Yesterday on my drive home after collecting Caleb from school, I saw a rabbit lying on the grass on the side of the road - I am unsure as to whether it was injured or not, so I wanted to stop and pick it up and take it to the Vet - I wanted to make sure that it wasn't injured and to ensure that it was not hit by a vehicle as this is a busy stretch of road.
To my shame I did not stop.. and I have been feeling guilty eversince! Anybody who knows me knows that I always stop if I see someone (be they human or animal) in trouble on the roads. Actually, let me correct that.. I used to stop, before I had my boys.. now I don't stop. Why you may ask?
Well I don't stop because it is not safe - I live in one of the most dangerous cities in the world and so it would be silly of me to put my sons safety at risk for an animal or a stranger!
Last year my neighbour was shot outside his home at about 20H00 on a Sunday evening. It was a high-jacking and the robbers threw my neighbour and his wife on the ground, and then shot him while he lay helpless on the ground - after he had handed over his car. I clearly remember sitting in our study and hearing our neighbour screaming and then hearing the gunshots! And what did I do to help my neighbour? Absolutely nothing - except for calling emergency services that is.
And the worst part of it is that if it happened again, I would react in exactly the same way.

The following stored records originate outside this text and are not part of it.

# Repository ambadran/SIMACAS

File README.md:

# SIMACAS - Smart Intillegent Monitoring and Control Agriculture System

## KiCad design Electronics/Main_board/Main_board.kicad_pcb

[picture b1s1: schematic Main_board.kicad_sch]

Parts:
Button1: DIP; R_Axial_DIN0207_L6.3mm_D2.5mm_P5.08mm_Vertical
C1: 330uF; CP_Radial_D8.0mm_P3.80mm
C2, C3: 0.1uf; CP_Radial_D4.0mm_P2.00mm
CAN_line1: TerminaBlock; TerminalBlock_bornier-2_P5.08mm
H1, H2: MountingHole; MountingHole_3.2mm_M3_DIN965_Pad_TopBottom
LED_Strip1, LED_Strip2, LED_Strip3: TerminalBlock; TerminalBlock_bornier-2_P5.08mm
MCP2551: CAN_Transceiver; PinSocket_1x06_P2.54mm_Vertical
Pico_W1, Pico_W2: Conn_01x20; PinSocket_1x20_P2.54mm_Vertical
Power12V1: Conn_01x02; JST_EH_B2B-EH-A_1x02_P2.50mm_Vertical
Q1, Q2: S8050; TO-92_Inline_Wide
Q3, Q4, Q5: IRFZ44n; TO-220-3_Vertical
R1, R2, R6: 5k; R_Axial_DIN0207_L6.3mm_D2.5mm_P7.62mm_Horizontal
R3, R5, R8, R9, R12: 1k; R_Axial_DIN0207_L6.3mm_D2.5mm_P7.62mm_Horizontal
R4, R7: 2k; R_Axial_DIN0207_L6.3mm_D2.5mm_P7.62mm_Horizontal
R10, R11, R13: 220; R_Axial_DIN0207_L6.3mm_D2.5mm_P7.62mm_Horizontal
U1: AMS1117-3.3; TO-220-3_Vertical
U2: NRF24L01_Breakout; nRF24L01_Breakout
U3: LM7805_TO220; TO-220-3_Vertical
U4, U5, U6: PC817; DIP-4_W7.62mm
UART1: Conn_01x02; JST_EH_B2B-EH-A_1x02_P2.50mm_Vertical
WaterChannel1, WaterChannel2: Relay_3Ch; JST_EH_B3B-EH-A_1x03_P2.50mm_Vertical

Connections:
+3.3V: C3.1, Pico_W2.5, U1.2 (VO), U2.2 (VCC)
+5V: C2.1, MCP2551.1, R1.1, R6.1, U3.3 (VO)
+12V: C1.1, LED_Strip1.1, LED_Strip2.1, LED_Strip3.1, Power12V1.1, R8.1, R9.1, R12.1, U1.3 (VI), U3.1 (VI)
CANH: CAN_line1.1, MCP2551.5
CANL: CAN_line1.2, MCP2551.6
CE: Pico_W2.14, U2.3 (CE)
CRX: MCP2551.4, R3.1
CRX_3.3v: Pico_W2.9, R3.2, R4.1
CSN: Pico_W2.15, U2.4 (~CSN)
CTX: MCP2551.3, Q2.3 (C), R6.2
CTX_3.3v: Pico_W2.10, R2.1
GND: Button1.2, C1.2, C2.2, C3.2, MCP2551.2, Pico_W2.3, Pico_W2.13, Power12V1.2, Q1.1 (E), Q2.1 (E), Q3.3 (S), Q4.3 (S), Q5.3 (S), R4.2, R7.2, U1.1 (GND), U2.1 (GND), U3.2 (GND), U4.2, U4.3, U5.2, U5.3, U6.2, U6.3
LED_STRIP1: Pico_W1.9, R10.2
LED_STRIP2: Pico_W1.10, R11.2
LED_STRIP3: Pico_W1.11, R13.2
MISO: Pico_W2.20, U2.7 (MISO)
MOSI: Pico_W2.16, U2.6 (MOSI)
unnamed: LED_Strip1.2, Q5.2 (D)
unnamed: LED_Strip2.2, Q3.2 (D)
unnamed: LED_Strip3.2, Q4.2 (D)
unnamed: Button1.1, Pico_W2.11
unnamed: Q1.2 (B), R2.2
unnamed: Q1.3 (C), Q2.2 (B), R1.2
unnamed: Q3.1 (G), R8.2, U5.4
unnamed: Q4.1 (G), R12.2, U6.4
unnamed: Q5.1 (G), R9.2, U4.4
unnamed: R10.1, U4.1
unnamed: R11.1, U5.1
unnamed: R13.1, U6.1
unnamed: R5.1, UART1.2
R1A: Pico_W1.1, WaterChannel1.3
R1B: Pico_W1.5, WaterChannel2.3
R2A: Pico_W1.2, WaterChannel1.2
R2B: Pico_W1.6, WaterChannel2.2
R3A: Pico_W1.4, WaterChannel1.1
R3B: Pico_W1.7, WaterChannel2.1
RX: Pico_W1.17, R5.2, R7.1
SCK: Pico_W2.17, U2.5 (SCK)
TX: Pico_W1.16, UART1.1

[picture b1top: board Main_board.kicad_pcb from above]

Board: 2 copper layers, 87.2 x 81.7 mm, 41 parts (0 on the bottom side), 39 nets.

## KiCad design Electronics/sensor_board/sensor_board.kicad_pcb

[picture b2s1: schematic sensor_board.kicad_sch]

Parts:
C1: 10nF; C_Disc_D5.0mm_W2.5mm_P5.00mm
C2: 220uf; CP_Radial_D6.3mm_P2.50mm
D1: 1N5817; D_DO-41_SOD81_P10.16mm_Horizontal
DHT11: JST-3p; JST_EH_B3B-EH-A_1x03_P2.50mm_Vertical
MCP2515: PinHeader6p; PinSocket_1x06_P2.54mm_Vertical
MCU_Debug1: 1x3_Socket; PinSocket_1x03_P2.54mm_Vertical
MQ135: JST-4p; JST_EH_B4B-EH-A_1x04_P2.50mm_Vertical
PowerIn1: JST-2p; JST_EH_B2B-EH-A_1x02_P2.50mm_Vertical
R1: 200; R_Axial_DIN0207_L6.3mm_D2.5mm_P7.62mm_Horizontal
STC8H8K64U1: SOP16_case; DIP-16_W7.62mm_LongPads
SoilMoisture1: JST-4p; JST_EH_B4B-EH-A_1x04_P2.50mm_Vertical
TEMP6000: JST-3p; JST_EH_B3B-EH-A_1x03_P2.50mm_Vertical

Does that make me a coward? Possibly! But it also makes me a mother who puts her family first. All I could think about on that night after hearing the gunshots was, "what if they are coming over my wall right now, and the minute I open the door they will be inside.. with a gun" My sweet Caleb was only two at the time - if something happened to him, I would never forgive myself. As his mother, it is my duty to put him first, because if we as parents don't, then who will?
Having said all that, it makes me very sad that I am unable to help a person or animal in need just because I am frightened of my fellow man.